= WHAT THE EXERCISE ASKS =
For the entries below, report the number of lines containing "point", without any other content.

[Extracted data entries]

· · ·

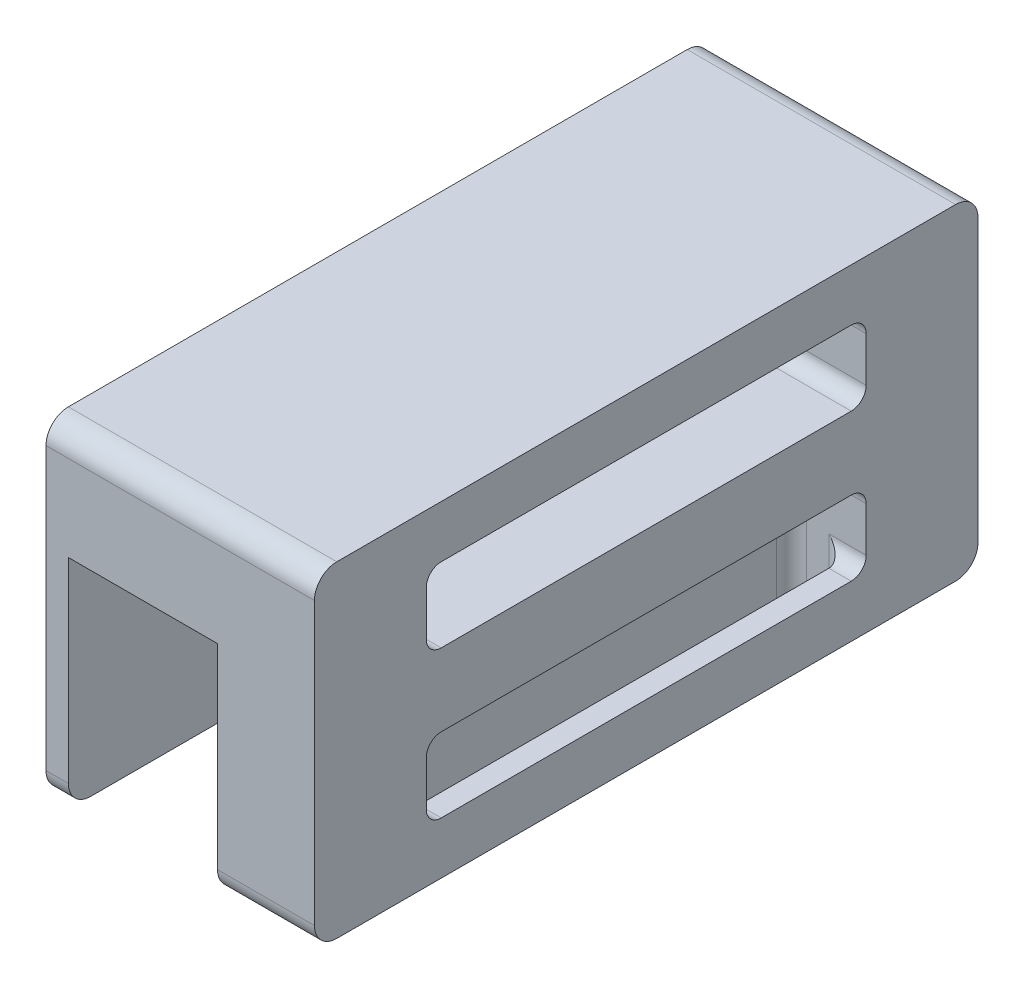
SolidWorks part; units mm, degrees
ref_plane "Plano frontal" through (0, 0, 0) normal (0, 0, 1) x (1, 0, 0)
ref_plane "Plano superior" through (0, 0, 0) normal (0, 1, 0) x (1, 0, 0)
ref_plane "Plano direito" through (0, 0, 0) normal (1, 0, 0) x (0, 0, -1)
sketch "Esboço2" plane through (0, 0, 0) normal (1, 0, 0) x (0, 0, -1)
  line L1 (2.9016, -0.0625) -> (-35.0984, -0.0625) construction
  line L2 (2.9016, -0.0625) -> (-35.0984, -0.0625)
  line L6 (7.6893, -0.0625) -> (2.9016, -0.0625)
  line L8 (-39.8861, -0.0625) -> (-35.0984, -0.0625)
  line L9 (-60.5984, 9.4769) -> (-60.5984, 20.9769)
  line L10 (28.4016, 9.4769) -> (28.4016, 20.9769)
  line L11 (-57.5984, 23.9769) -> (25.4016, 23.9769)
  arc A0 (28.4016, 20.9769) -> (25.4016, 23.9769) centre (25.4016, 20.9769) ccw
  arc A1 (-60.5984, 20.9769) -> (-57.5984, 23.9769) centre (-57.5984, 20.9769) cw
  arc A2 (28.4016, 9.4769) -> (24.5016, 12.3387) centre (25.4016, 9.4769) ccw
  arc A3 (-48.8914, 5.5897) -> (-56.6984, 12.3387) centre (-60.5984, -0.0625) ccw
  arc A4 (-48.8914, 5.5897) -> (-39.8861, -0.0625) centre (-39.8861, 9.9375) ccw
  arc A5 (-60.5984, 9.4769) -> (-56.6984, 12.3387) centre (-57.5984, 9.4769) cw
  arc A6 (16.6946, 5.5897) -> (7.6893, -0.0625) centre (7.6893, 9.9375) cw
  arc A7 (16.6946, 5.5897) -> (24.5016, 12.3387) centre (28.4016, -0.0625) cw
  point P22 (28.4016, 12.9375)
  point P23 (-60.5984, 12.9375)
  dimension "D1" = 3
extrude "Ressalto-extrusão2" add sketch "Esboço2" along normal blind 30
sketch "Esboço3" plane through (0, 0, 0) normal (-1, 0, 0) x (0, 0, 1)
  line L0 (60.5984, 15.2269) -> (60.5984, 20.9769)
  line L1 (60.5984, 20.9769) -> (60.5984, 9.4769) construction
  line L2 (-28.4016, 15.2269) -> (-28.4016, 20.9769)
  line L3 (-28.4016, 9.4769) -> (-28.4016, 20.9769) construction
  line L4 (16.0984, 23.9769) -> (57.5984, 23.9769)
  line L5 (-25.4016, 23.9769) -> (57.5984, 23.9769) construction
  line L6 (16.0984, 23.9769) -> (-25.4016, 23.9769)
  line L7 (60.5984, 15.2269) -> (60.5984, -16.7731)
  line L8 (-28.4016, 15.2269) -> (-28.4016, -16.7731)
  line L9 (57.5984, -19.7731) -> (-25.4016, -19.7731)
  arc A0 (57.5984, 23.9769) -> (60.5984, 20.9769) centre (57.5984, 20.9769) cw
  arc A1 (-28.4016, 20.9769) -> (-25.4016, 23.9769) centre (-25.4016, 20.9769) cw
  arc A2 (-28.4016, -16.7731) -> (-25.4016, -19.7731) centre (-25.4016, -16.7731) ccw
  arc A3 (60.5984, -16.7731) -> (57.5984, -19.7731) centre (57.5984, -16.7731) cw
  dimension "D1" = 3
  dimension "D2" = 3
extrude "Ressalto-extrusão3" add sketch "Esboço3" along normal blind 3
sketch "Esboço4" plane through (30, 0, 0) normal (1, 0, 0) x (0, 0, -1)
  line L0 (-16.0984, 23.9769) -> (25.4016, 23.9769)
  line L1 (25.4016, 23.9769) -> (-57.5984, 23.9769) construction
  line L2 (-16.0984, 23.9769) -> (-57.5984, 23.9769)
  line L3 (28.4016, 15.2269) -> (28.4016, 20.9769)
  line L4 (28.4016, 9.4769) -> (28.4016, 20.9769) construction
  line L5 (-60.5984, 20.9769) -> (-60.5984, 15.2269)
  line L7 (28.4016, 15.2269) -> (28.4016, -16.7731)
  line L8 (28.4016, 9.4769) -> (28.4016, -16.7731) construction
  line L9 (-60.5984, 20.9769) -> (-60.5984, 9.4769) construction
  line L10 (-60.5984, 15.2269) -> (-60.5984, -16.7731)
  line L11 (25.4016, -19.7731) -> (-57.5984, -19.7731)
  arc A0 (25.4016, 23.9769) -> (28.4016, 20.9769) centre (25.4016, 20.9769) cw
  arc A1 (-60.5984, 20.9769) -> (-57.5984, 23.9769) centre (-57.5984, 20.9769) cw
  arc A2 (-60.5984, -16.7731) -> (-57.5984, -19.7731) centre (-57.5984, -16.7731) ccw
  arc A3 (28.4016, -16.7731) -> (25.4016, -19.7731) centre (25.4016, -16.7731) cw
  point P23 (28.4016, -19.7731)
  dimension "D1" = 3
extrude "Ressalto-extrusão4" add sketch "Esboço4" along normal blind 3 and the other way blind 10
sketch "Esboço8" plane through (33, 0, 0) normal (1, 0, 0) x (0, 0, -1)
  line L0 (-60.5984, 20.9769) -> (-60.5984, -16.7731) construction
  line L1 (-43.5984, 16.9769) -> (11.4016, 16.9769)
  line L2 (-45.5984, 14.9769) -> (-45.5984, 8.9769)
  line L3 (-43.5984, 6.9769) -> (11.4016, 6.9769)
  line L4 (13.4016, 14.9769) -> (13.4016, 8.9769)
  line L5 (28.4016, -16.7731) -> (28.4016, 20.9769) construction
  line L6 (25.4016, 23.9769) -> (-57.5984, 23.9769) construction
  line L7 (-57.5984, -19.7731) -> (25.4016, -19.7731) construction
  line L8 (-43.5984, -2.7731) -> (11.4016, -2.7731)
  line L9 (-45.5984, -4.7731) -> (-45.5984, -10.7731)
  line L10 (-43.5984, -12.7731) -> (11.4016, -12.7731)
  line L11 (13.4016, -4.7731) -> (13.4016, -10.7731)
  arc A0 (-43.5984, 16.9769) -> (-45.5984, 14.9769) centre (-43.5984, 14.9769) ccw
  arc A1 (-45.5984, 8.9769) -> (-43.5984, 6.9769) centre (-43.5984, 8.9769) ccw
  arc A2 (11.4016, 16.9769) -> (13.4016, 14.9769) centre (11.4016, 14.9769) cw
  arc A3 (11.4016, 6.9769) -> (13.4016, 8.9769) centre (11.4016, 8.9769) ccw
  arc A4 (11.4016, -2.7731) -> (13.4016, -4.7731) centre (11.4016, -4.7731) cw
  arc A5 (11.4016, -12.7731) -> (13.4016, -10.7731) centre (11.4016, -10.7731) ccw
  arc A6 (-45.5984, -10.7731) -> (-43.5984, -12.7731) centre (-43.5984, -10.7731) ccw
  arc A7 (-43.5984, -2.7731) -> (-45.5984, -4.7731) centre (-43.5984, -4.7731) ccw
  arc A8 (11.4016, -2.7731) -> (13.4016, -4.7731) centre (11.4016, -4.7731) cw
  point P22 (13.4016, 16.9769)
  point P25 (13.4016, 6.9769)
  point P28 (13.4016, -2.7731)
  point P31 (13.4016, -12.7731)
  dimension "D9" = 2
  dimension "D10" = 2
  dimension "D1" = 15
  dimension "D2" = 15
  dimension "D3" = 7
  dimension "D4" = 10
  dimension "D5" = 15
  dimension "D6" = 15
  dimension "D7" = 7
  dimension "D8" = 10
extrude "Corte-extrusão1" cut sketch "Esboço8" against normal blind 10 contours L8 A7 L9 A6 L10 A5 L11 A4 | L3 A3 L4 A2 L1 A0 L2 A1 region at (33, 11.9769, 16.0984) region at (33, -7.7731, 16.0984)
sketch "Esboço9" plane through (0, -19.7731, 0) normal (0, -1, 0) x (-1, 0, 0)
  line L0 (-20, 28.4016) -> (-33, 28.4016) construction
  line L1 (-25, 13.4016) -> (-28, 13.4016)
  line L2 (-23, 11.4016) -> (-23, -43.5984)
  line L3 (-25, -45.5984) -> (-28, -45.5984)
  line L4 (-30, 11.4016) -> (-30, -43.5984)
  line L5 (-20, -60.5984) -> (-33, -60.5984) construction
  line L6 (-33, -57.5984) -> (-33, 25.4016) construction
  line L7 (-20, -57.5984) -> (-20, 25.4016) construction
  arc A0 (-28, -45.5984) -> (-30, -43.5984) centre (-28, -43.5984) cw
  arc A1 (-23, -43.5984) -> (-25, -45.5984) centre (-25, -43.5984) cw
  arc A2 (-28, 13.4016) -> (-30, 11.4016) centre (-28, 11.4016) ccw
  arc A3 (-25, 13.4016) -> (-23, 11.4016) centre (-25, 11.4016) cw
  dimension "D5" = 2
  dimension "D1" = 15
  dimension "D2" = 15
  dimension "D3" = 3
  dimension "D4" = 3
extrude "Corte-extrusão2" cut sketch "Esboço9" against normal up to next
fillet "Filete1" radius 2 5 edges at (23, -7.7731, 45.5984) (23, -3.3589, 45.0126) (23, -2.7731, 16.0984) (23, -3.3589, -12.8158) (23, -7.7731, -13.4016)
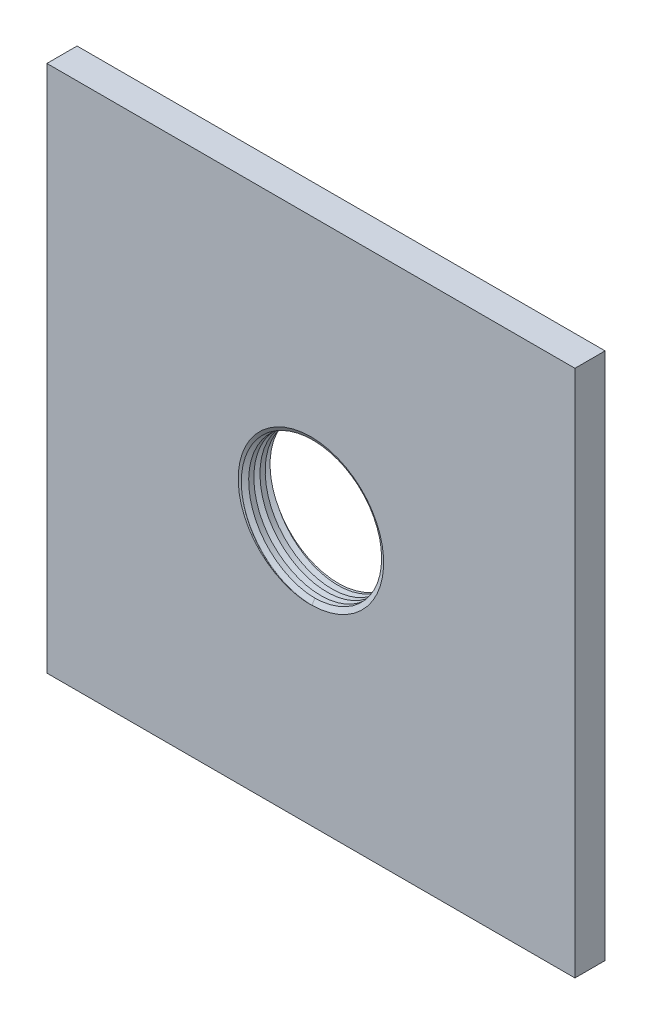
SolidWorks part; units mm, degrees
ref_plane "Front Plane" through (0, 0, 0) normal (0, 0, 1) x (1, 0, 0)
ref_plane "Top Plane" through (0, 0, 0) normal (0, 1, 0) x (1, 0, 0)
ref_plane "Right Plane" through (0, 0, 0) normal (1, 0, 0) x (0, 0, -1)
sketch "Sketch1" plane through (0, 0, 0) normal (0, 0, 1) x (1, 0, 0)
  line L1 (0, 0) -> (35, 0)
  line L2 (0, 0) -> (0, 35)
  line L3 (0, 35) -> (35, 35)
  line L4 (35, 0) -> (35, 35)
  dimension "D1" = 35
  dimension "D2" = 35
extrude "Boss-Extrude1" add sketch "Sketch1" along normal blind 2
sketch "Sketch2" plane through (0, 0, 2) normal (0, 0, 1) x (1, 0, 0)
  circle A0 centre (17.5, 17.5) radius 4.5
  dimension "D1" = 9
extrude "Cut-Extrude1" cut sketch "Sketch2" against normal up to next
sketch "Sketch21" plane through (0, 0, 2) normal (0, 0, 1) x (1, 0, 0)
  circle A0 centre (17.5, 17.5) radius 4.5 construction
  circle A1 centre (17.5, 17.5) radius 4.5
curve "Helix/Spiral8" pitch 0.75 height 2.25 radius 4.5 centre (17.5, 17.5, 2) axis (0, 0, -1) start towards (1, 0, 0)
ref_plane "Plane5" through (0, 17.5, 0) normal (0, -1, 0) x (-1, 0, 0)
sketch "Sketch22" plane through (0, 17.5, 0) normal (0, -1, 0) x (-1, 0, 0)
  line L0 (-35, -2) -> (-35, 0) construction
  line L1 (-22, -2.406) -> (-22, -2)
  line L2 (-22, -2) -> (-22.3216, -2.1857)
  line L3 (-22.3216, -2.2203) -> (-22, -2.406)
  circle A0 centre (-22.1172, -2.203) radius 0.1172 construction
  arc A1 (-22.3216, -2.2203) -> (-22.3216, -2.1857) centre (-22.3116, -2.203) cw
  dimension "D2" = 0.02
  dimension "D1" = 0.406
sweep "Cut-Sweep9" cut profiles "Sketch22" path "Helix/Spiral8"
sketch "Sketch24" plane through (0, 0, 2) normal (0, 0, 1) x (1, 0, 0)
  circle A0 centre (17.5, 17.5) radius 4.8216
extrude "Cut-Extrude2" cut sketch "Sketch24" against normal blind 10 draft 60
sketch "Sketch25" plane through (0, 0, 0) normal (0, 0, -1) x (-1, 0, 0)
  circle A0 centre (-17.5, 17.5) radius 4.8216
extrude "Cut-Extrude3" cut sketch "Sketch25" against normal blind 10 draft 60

· · ·

= EXERCISE SOLUTION =
7